After these initial preprocessing steps, the dataset contained
7,703,274 rows and 26 columns. Missing values were detected in the four
features Pressure(in), Temperature(F),
Humidity(%), and Visibility(mi), ranging from
around 135,000 to around 173,000 absent entries. A distribution plot of
the target variable Severity revealed a pronounced class
imbalance, with most observations labeled as severity level two. This
imbalance raised concerns about potential prediction bias toward the
dominant class, highlighting the importance of addressing it. Possible
strategies considered included synthetic oversampling techniques such as
SMOTE, as well as a binary reformulation of Severity by
grouping levels one and two as lower-impact cases and levels three and
four as higher-impact cases. Further steps to manage this issue were
taken later in the process and are discussed in Section 3.3.
Histograms and boxplots revealed skewness, irregular patterns, and
the presence of outliers. Features such as Wind_Speed(mph)
and Precipitation(in) displayed highly skewed
distributions, with most values concentrated at the lower end and a few
extreme cases extending into the upper range. Several of these outliers
appeared unrealistic or disproportionate and could introduce noise
during model training. The 1.5 IQR method was applied, removing values
outside one and a half times the interquartile range. The revised plots
showed reduced skewness and tighter clustering, improving
interpretability and minimizing the risk of model distortion from
extreme values.
The correlation matrix revealed expected patterns among numerical
variables, such as a negative correlation between
Humidity(%) and both Visibility(mi) and
Temperature(F). However, most variables exhibited only weak
or negligible correlations with one another, suggesting that
multicollinearity is unlikely to affect later modeling stages.
Additionally, correlations between most features and
Severity were minimal, raising concerns regarding the
limited explanatory power of the features with the target variable. To
explore this further, each numerical feature was plotted against
Severity using boxplots, providing a more granular view of
how values shifted across severity levels. While some trends were
observed, such as slightly lower visibility and pressure in higher
severity categories, the differences were modest, and distributions
remained largely overlapping. No individual feature exhibited a clear or
consistent pattern, reinforcing the assumption that outcomes are likely
influenced by interactions among multiple variables. Supplementary
visualizations, including the correlation matrix, histograms, and
boxplots of all numerical features, are provided in Appendix A.
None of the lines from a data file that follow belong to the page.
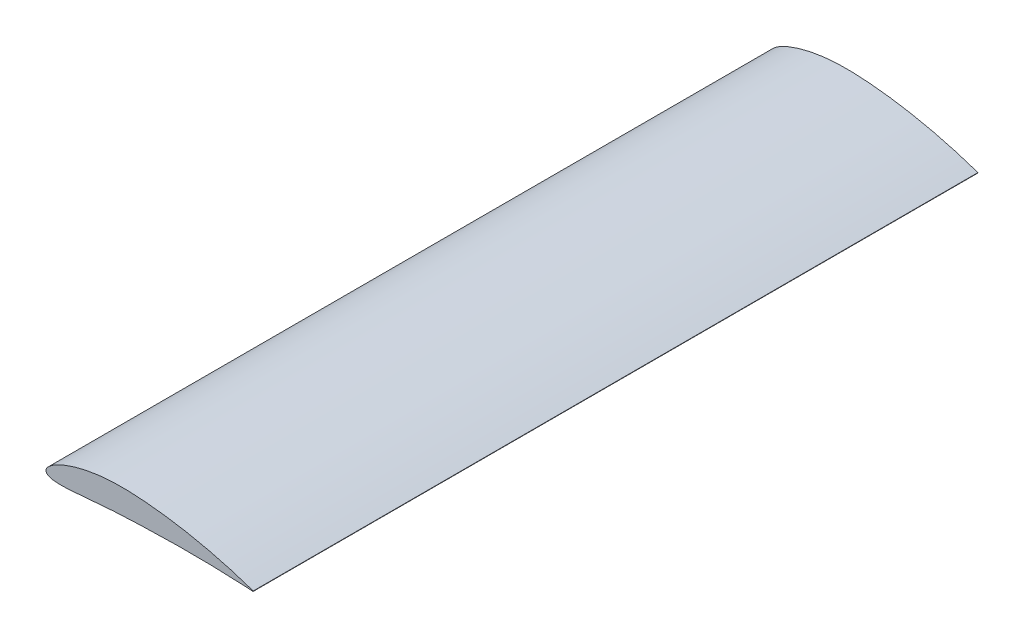
ISO-10303-21;
HEADER;
FILE_DESCRIPTION(('STEP AP214'),'2;1');
FILE_NAME('part.step','',(''),(''),'','','');
FILE_SCHEMA(('AUTOMOTIVE_DESIGN { 1 0 10303 214 1 1 1 1 }'));
ENDSEC;
DATA;
#1=APPLICATION_CONTEXT('core data for automotive mechanical design processes');
#2=APPLICATION_PROTOCOL_DEFINITION('international standard','automotive_design',2000,#1);
#3=PRODUCT_CONTEXT('',#1,'mechanical');
#4=PRODUCT('Part','Part','',(#3));
#5=PRODUCT_RELATED_PRODUCT_CATEGORY('part','',(#4));
#6=PRODUCT_DEFINITION_FORMATION('','',#4);
#7=PRODUCT_DEFINITION_CONTEXT('part definition',#1,'design');
#8=PRODUCT_DEFINITION('design','',#6,#7);
#9=PRODUCT_DEFINITION_SHAPE('','',#8);
#10=(LENGTH_UNIT() NAMED_UNIT(*) SI_UNIT(.MILLI.,.METRE.));
#11=(NAMED_UNIT(*) PLANE_ANGLE_UNIT() SI_UNIT($,.RADIAN.));
#12=(NAMED_UNIT(*) SI_UNIT($,.STERADIAN.) SOLID_ANGLE_UNIT());
#13=UNCERTAINTY_MEASURE_WITH_UNIT(LENGTH_MEASURE(1.E-05),#10,'distance_accuracy_value','');
#14=(GEOMETRIC_REPRESENTATION_CONTEXT(3) GLOBAL_UNCERTAINTY_ASSIGNED_CONTEXT((#13)) GLOBAL_UNIT_ASSIGNED_CONTEXT((#10,
#11,#12)) REPRESENTATION_CONTEXT('',''));
#15=CARTESIAN_POINT('',(0.,0.,0.));
#16=DIRECTION('',(0.,0.,1.));
#17=DIRECTION('',(1.,0.,0.));
#18=AXIS2_PLACEMENT_3D('',#15,#16,#17);
#19=CARTESIAN_POINT('',(2000.5,2.48,7000.));
#20=CARTESIAN_POINT('',(1998.71997346634,3.09325428208862,7000.));
#21=CARTESIAN_POINT('',(1991.62780973104,5.53664470222557,7000.));
#22=CARTESIAN_POINT('',(1975.75236303062,11.0154528536389,7000.));
#23=CARTESIAN_POINT('',(1949.4271046254,19.8549405305814,7000.));
#24=CARTESIAN_POINT('',(1912.92994978073,31.8892358372679,7000.));
#25=CARTESIAN_POINT('',(1866.57222042641,46.6246619502535,7000.));
#26=CARTESIAN_POINT('',(1810.78709743089,63.6017394808443,7000.));
#27=CARTESIAN_POINT('',(1746.12222920803,82.2883890018384,7000.));
#28=CARTESIAN_POINT('',(1673.19911885745,102.096502559632,7000.));
#29=CARTESIAN_POINT('',(1592.75247158902,122.428600551128,7000.));
#30=CARTESIAN_POINT('',(1505.59064233896,142.641818898273,7000.));
#31=CARTESIAN_POINT('',(1412.64614701571,162.228777768193,7000.));
#32=CARTESIAN_POINT('',(1314.88926933986,180.555210462007,7000.));
#33=CARTESIAN_POINT('',(1213.37426025761,197.082055501322,7000.));
#34=CARTESIAN_POINT('',(1109.21573174094,211.380152381997,7000.));
#35=CARTESIAN_POINT('',(1003.58401255394,222.990395917605,7000.));
#36=CARTESIAN_POINT('',(897.61232503641,231.544304972816,7000.));
#37=CARTESIAN_POINT('',(791.779253444584,237.161700337851,7000.));
#38=CARTESIAN_POINT('',(687.216363968917,237.822854544965,7000.));
#39=CARTESIAN_POINT('',(585.38496788642,232.713959485382,7000.));
#40=CARTESIAN_POINT('',(488.398041897167,222.345575122376,7000.));
#41=CARTESIAN_POINT('',(397.538593931862,207.329692992825,7000.));
#42=CARTESIAN_POINT('',(314.00232444231,188.321618169576,7000.));
#43=CARTESIAN_POINT('',(238.836293887697,166.24937406623,7000.));
#44=CARTESIAN_POINT('',(172.919112588367,142.1023130136,7000.));
#45=CARTESIAN_POINT('',(116.96007258221,116.857412228199,7000.));
#46=CARTESIAN_POINT('',(71.4890846939296,91.487443786784,7000.));
#47=CARTESIAN_POINT('',(36.7079994587927,66.8889325460571,7000.));
#48=CARTESIAN_POINT('',(12.8032430860759,43.5966499498465,7000.));
#49=CARTESIAN_POINT('',(-0.956904320393038,21.5374038383589,7000.));
#50=CARTESIAN_POINT('',(-2.20428830019669,-0.664454831617421,7000.));
#51=CARTESIAN_POINT('',(10.9565779864521,-18.4515566376858,7000.));
#52=CARTESIAN_POINT('',(34.0285432112235,-29.5896348297426,7000.));
#53=CARTESIAN_POINT('',(65.749435870981,-36.9021872304722,7000.));
#54=CARTESIAN_POINT('',(106.616900751524,-40.7350254897602,7000.));
#55=CARTESIAN_POINT('',(156.223683152552,-41.5023511327909,7000.));
#56=CARTESIAN_POINT('',(214.094919498778,-39.5265800413184,7000.));
#57=CARTESIAN_POINT('',(279.579292638063,-35.2949199487544,7000.));
#58=CARTESIAN_POINT('',(352.00431674935,-29.3079617986586,7000.));
#59=CARTESIAN_POINT('',(430.665724427835,-22.250096593326,7000.));
#60=CARTESIAN_POINT('',(514.854667714175,-14.7247426414869,7000.));
#61=CARTESIAN_POINT('',(603.841792184979,-7.38439255270194,7000.));
#62=CARTESIAN_POINT('',(696.888247231615,-0.911364665312287,7000.));
#63=CARTESIAN_POINT('',(793.963295632009,3.96638071268733,7000.));
#64=CARTESIAN_POINT('',(894.202668208769,7.41172623630428,7000.));
#65=CARTESIAN_POINT('',(996.556522685796,10.9636626918349,7000.));
#66=CARTESIAN_POINT('',(1099.24411272887,13.8010756228503,7000.));
#67=CARTESIAN_POINT('',(1201.11973840254,15.8557598044682,7000.));
#68=CARTESIAN_POINT('',(1301.09686184938,17.0081493161173,7000.));
#69=CARTESIAN_POINT('',(1398.074470322,17.2137481220841,7000.));
#70=CARTESIAN_POINT('',(1490.97157068829,16.5326068380281,7000.));
#71=CARTESIAN_POINT('',(1578.74096485776,15.1195872006718,7000.));
#72=CARTESIAN_POINT('',(1660.37031444209,13.0177679548331,7000.));
#73=CARTESIAN_POINT('',(1734.90317019637,10.5935462684374,7000.));
#74=CARTESIAN_POINT('',(1801.48776855778,7.8863169404082,7000.));
#75=CARTESIAN_POINT('',(1859.19439181528,5.30784575606375,7000.));
#76=CARTESIAN_POINT('',(1907.71398351328,2.5724583470709,7000.));
#77=CARTESIAN_POINT('',(1945.35275973841,1.24809470266517,7000.));
#78=CARTESIAN_POINT('',(1974.33921147882,-2.11680106087656,7000.));
#79=CARTESIAN_POINT('',(1988.70415210633,-0.0288737963276958,7000.));
#80=CARTESIAN_POINT('',(1999.75965227067,-4.09619567509498,7000.));
#81=CARTESIAN_POINT('',(1999.94311958962,-0.969400841213567,7000.));
#82=CARTESIAN_POINT('',(2000.,0.,7000.));
#83=B_SPLINE_CURVE_WITH_KNOTS('',3,(#19,#20,#21,#22,#23,#24,#25,#26,#27,#28,#29,#30,#31,#32,#33,
#34,#35,#36,#37,#38,#39,#40,#41,#42,#43,#44,#45,#46,#47,#48,#49,#50,#51,#52,#53,#54,#55,#56,#57,
#58,#59,#60,#61,#62,#63,#64,#65,#66,#67,#68,#69,#70,#71,#72,#73,#74,#75,#76,#77,#78,#79,#80,#81,
#82),.UNSPECIFIED.,.F.,.F.,(4,1,1,1,1,1,1,1,1,1,1,1,1,1,1,1,1,1,1,1,1,1,1,1,1,1,1,1,1,1,1,1,1,1,
1,1,1,1,1,1,1,1,1,1,1,1,1,1,1,1,1,1,1,1,1,1,1,1,1,1,1,4),(0.,0.00137157662502612,
0.00546477584250821,0.0122348018502247,0.0216019692657692,0.0334613445682541,0.0476712497544171,
0.0640813180473264,0.082496261138008,0.102719148689264,0.124527079157664,0.14767564836169,
0.171912572572513,0.196978379588112,0.222596912267761,0.248496766675201,0.274385100810321,
0.300041178316028,0.325689987882079,0.350525087532111,0.374279703233646,0.39671125377608,
0.41757673414408,0.436654005915542,0.45374438973928,0.468679993939526,0.481329415272233,
0.491630702034347,0.499615788540128,0.50554628117804,0.510184984462959,0.514824193684277,
0.520701508332397,0.528516039729706,0.538465751713385,0.55054260931231,0.564643256443601,
0.580638139182816,0.59834487637577,0.617584458372554,0.638174400803704,0.659922089978603,
0.682632113153432,0.706120665440723,0.730727382957721,0.755700243562022,0.780731768779878,
0.805564462972336,0.829932395841959,0.853570292180874,0.876213105152017,0.897609986535304,
0.917519393525195,0.935698347216139,0.951942678095032,0.966047158851578,0.977839939974046,
0.987174001699795,0.993931500880097,0.998018399437236,0.999385643972647,1.),.UNSPECIFIED.);
#84=DIRECTION('',(0.,0.,-1.));
#85=VECTOR('',#84,1.);
#86=SURFACE_OF_LINEAR_EXTRUSION('',#83,#85);
#87=CARTESIAN_POINT('',(2000.5,2.48,0.));
#88=CARTESIAN_POINT('',(1998.71997346634,3.09325428208862,0.));
#89=CARTESIAN_POINT('',(1991.62780973104,5.53664470222557,0.));
#90=CARTESIAN_POINT('',(1975.75236303062,11.0154528536389,0.));
#91=CARTESIAN_POINT('',(1949.4271046254,19.8549405305814,0.));
#92=CARTESIAN_POINT('',(1912.92994978073,31.8892358372679,0.));
#93=CARTESIAN_POINT('',(1866.57222042641,46.6246619502535,0.));
#94=CARTESIAN_POINT('',(1810.78709743089,63.6017394808443,0.));
#95=CARTESIAN_POINT('',(1746.12222920803,82.2883890018384,0.));
#96=CARTESIAN_POINT('',(1673.19911885745,102.096502559632,0.));
#97=CARTESIAN_POINT('',(1592.75247158902,122.428600551128,0.));
#98=CARTESIAN_POINT('',(1505.59064233896,142.641818898273,0.));
#99=CARTESIAN_POINT('',(1412.64614701571,162.228777768193,0.));
#100=CARTESIAN_POINT('',(1314.88926933986,180.555210462007,0.));
#101=CARTESIAN_POINT('',(1213.37426025761,197.082055501322,0.));
#102=CARTESIAN_POINT('',(1109.21573174094,211.380152381997,0.));
#103=CARTESIAN_POINT('',(1003.58401255394,222.990395917605,0.));
#104=CARTESIAN_POINT('',(897.61232503641,231.544304972816,0.));
#105=CARTESIAN_POINT('',(791.779253444584,237.161700337851,0.));
#106=CARTESIAN_POINT('',(687.216363968917,237.822854544965,0.));
#107=CARTESIAN_POINT('',(585.38496788642,232.713959485382,0.));
#108=CARTESIAN_POINT('',(488.398041897167,222.345575122376,0.));
#109=CARTESIAN_POINT('',(397.538593931862,207.329692992825,0.));
#110=CARTESIAN_POINT('',(314.00232444231,188.321618169576,0.));
#111=CARTESIAN_POINT('',(238.836293887697,166.24937406623,0.));
#112=CARTESIAN_POINT('',(172.919112588367,142.1023130136,0.));
#113=CARTESIAN_POINT('',(116.96007258221,116.857412228199,0.));
#114=CARTESIAN_POINT('',(71.4890846939296,91.487443786784,0.));
#115=CARTESIAN_POINT('',(36.7079994587927,66.8889325460571,0.));
#116=CARTESIAN_POINT('',(12.8032430860759,43.5966499498465,0.));
#117=CARTESIAN_POINT('',(-0.956904320393038,21.5374038383589,0.));
#118=CARTESIAN_POINT('',(-2.20428830019669,-0.664454831617421,0.));
#119=CARTESIAN_POINT('',(10.9565779864521,-18.4515566376858,0.));
#120=CARTESIAN_POINT('',(34.0285432112235,-29.5896348297426,0.));
#121=CARTESIAN_POINT('',(65.749435870981,-36.9021872304722,0.));
#122=CARTESIAN_POINT('',(106.616900751524,-40.7350254897602,0.));
#123=CARTESIAN_POINT('',(156.223683152552,-41.5023511327909,0.));
#124=CARTESIAN_POINT('',(214.094919498778,-39.5265800413184,0.));
#125=CARTESIAN_POINT('',(279.579292638063,-35.2949199487544,0.));
#126=CARTESIAN_POINT('',(352.00431674935,-29.3079617986586,0.));
#127=CARTESIAN_POINT('',(430.665724427835,-22.250096593326,0.));
#128=CARTESIAN_POINT('',(514.854667714175,-14.7247426414869,0.));
#129=CARTESIAN_POINT('',(603.841792184979,-7.38439255270194,0.));
#130=CARTESIAN_POINT('',(696.888247231615,-0.911364665312287,0.));
#131=CARTESIAN_POINT('',(793.963295632009,3.96638071268733,0.));
#132=CARTESIAN_POINT('',(894.202668208769,7.41172623630428,0.));
#133=CARTESIAN_POINT('',(996.556522685796,10.9636626918349,0.));
#134=CARTESIAN_POINT('',(1099.24411272887,13.8010756228503,0.));
#135=CARTESIAN_POINT('',(1201.11973840254,15.8557598044682,0.));
#136=CARTESIAN_POINT('',(1301.09686184938,17.0081493161173,0.));
#137=CARTESIAN_POINT('',(1398.074470322,17.2137481220841,0.));
#138=CARTESIAN_POINT('',(1490.97157068829,16.5326068380281,0.));
#139=CARTESIAN_POINT('',(1578.74096485776,15.1195872006718,0.));
#140=CARTESIAN_POINT('',(1660.37031444209,13.0177679548331,0.));
#141=CARTESIAN_POINT('',(1734.90317019637,10.5935462684374,0.));
#142=CARTESIAN_POINT('',(1801.48776855778,7.8863169404082,0.));
#143=CARTESIAN_POINT('',(1859.19439181528,5.30784575606375,0.));
#144=CARTESIAN_POINT('',(1907.71398351328,2.5724583470709,0.));
#145=CARTESIAN_POINT('',(1945.35275973841,1.24809470266517,0.));
#146=CARTESIAN_POINT('',(1974.33921147882,-2.11680106087656,0.));
#147=CARTESIAN_POINT('',(1988.70415210633,-0.0288737963276958,0.));
#148=CARTESIAN_POINT('',(1999.75965227067,-4.09619567509498,0.));
#149=CARTESIAN_POINT('',(1999.94311958962,-0.969400841213567,0.));
#150=CARTESIAN_POINT('',(2000.,0.,0.));
#151=B_SPLINE_CURVE_WITH_KNOTS('',3,(#87,#88,#89,#90,#91,#92,#93,#94,#95,#96,#97,#98,#99,#100,
#101,#102,#103,#104,#105,#106,#107,#108,#109,#110,#111,#112,#113,#114,#115,#116,#117,#118,#119,
#120,#121,#122,#123,#124,#125,#126,#127,#128,#129,#130,#131,#132,#133,#134,#135,#136,#137,#138,
#139,#140,#141,#142,#143,#144,#145,#146,#147,#148,#149,#150),.UNSPECIFIED.,.F.,.F.,(4,1,1,1,1,1,
1,1,1,1,1,1,1,1,1,1,1,1,1,1,1,1,1,1,1,1,1,1,1,1,1,1,1,1,1,1,1,1,1,1,1,1,1,1,1,1,1,1,1,1,1,1,1,1,
1,1,1,1,1,1,1,4),(0.,0.00137157662502612,0.00546477584250821,0.0122348018502247,
0.0216019692657692,0.0334613445682541,0.0476712497544171,0.0640813180473264,0.082496261138008,
0.102719148689264,0.124527079157664,0.14767564836169,0.171912572572513,0.196978379588112,
0.222596912267761,0.248496766675201,0.274385100810321,0.300041178316028,0.325689987882079,
0.350525087532111,0.374279703233646,0.39671125377608,0.41757673414408,0.436654005915542,
0.45374438973928,0.468679993939526,0.481329415272233,0.491630702034347,0.499615788540128,
0.50554628117804,0.510184984462959,0.514824193684277,0.520701508332397,0.528516039729706,
0.538465751713385,0.55054260931231,0.564643256443601,0.580638139182816,0.59834487637577,
0.617584458372554,0.638174400803704,0.659922089978603,0.682632113153432,0.706120665440723,
0.730727382957721,0.755700243562022,0.780731768779878,0.805564462972336,0.829932395841959,
0.853570292180874,0.876213105152017,0.897609986535304,0.917519393525195,0.935698347216139,
0.951942678095032,0.966047158851578,0.977839939974046,0.987174001699795,0.993931500880097,
0.998018399437236,0.999385643972647,1.),.UNSPECIFIED.);
#152=CARTESIAN_POINT('',(2000.5,2.48000000000003,0.));
#153=VERTEX_POINT('',#152);
#154=CARTESIAN_POINT('',(2000.,0.,0.));
#155=VERTEX_POINT('',#154);
#156=EDGE_CURVE('E73',#153,#155,#151,.T.);
#157=ORIENTED_EDGE('',*,*,#156,.T.);
#158=DIRECTION('',(0.,0.,-1.));
#159=VECTOR('',#158,1.);
#160=CARTESIAN_POINT('',(2000.,0.,7000.));
#161=LINE('',#160,#159);
#162=CARTESIAN_POINT('',(2000.,0.,7000.));
#163=VERTEX_POINT('',#162);
#164=EDGE_CURVE('E11',#163,#155,#161,.T.);
#165=ORIENTED_EDGE('',*,*,#164,.F.);
#166=CARTESIAN_POINT('',(2000.5,2.48,7000.));
#167=CARTESIAN_POINT('',(1998.71997346634,3.09325428208862,7000.));
#168=CARTESIAN_POINT('',(1991.62780973104,5.53664470222557,7000.));
#169=CARTESIAN_POINT('',(1975.75236303062,11.0154528536389,7000.));
#170=CARTESIAN_POINT('',(1949.4271046254,19.8549405305814,7000.));
#171=CARTESIAN_POINT('',(1912.92994978073,31.8892358372679,7000.));
#172=CARTESIAN_POINT('',(1866.57222042641,46.6246619502535,7000.));
#173=CARTESIAN_POINT('',(1810.78709743089,63.6017394808443,7000.));
#174=CARTESIAN_POINT('',(1746.12222920803,82.2883890018384,7000.));
#175=CARTESIAN_POINT('',(1673.19911885745,102.096502559632,7000.));
#176=CARTESIAN_POINT('',(1592.75247158902,122.428600551128,7000.));
#177=CARTESIAN_POINT('',(1505.59064233896,142.641818898273,7000.));
#178=CARTESIAN_POINT('',(1412.64614701571,162.228777768193,7000.));
#179=CARTESIAN_POINT('',(1314.88926933986,180.555210462007,7000.));
#180=CARTESIAN_POINT('',(1213.37426025761,197.082055501322,7000.));
#181=CARTESIAN_POINT('',(1109.21573174094,211.380152381997,7000.));
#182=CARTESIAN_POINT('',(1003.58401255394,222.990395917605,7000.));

After the initial data cleaning and exploratory analysis, further
preparation was conducted, with particular attention given to addressing
class imbalance in the dataset. As part of the feature engineering
process, time-based features were extracted from the
Start_Time variable, including Hour,
DayOfWeek, Month, and Year.
Month was then mapped to a new categorical variable,
Season, which was one-hot encoded with Fall
set as the base category and dropped to prevent multicollinearity.
Similarly, the Civil_Twilight variable was transformed into
a binary Daylight indicator (1 for day, 0 for night).
Infrastructure-related features were explicitly cast as boolean to
ensure consistent interpretation across models. Finally, the
State variable was one-hot encoded to avoid introducing
ordinal bias and to enable the model to treat each state as a distinct,
non-ordered category contributing individually to the target
variable.
To manage class imbalance, the target variable Severity
was first binarized to simplify the classification task and mitigate the
effect of sparsely populated edge classes. Values 1 and 2 were grouped
as 0 (non-severe accidents), and values 3 and 4 as 1 (severe accidents),
as levels 1 and 4 accounted for only 0.8 percent and 2.6 percent of the
dataset, respectively. While this transformation reduced the imbalance,
the distribution remained skewed, with 79.5 percent of observations
labeled as 0 and 20.5 percent as 1.
To avoid data leakage and support generalizability, the dataset was split into training and test sets before any balancing. The Stratified Shuffle Split method was used to extract 630,000 observations, approximately 20 percent of the dataset, ensuring that class proportions were preserved in the test set. After the split, data processing pipelines were implemented separately for the training and test sets. Missing values were imputed using the mean for numeric variables and the mode for boolean ones, and scaling was performed using statistics computed independently within each subset.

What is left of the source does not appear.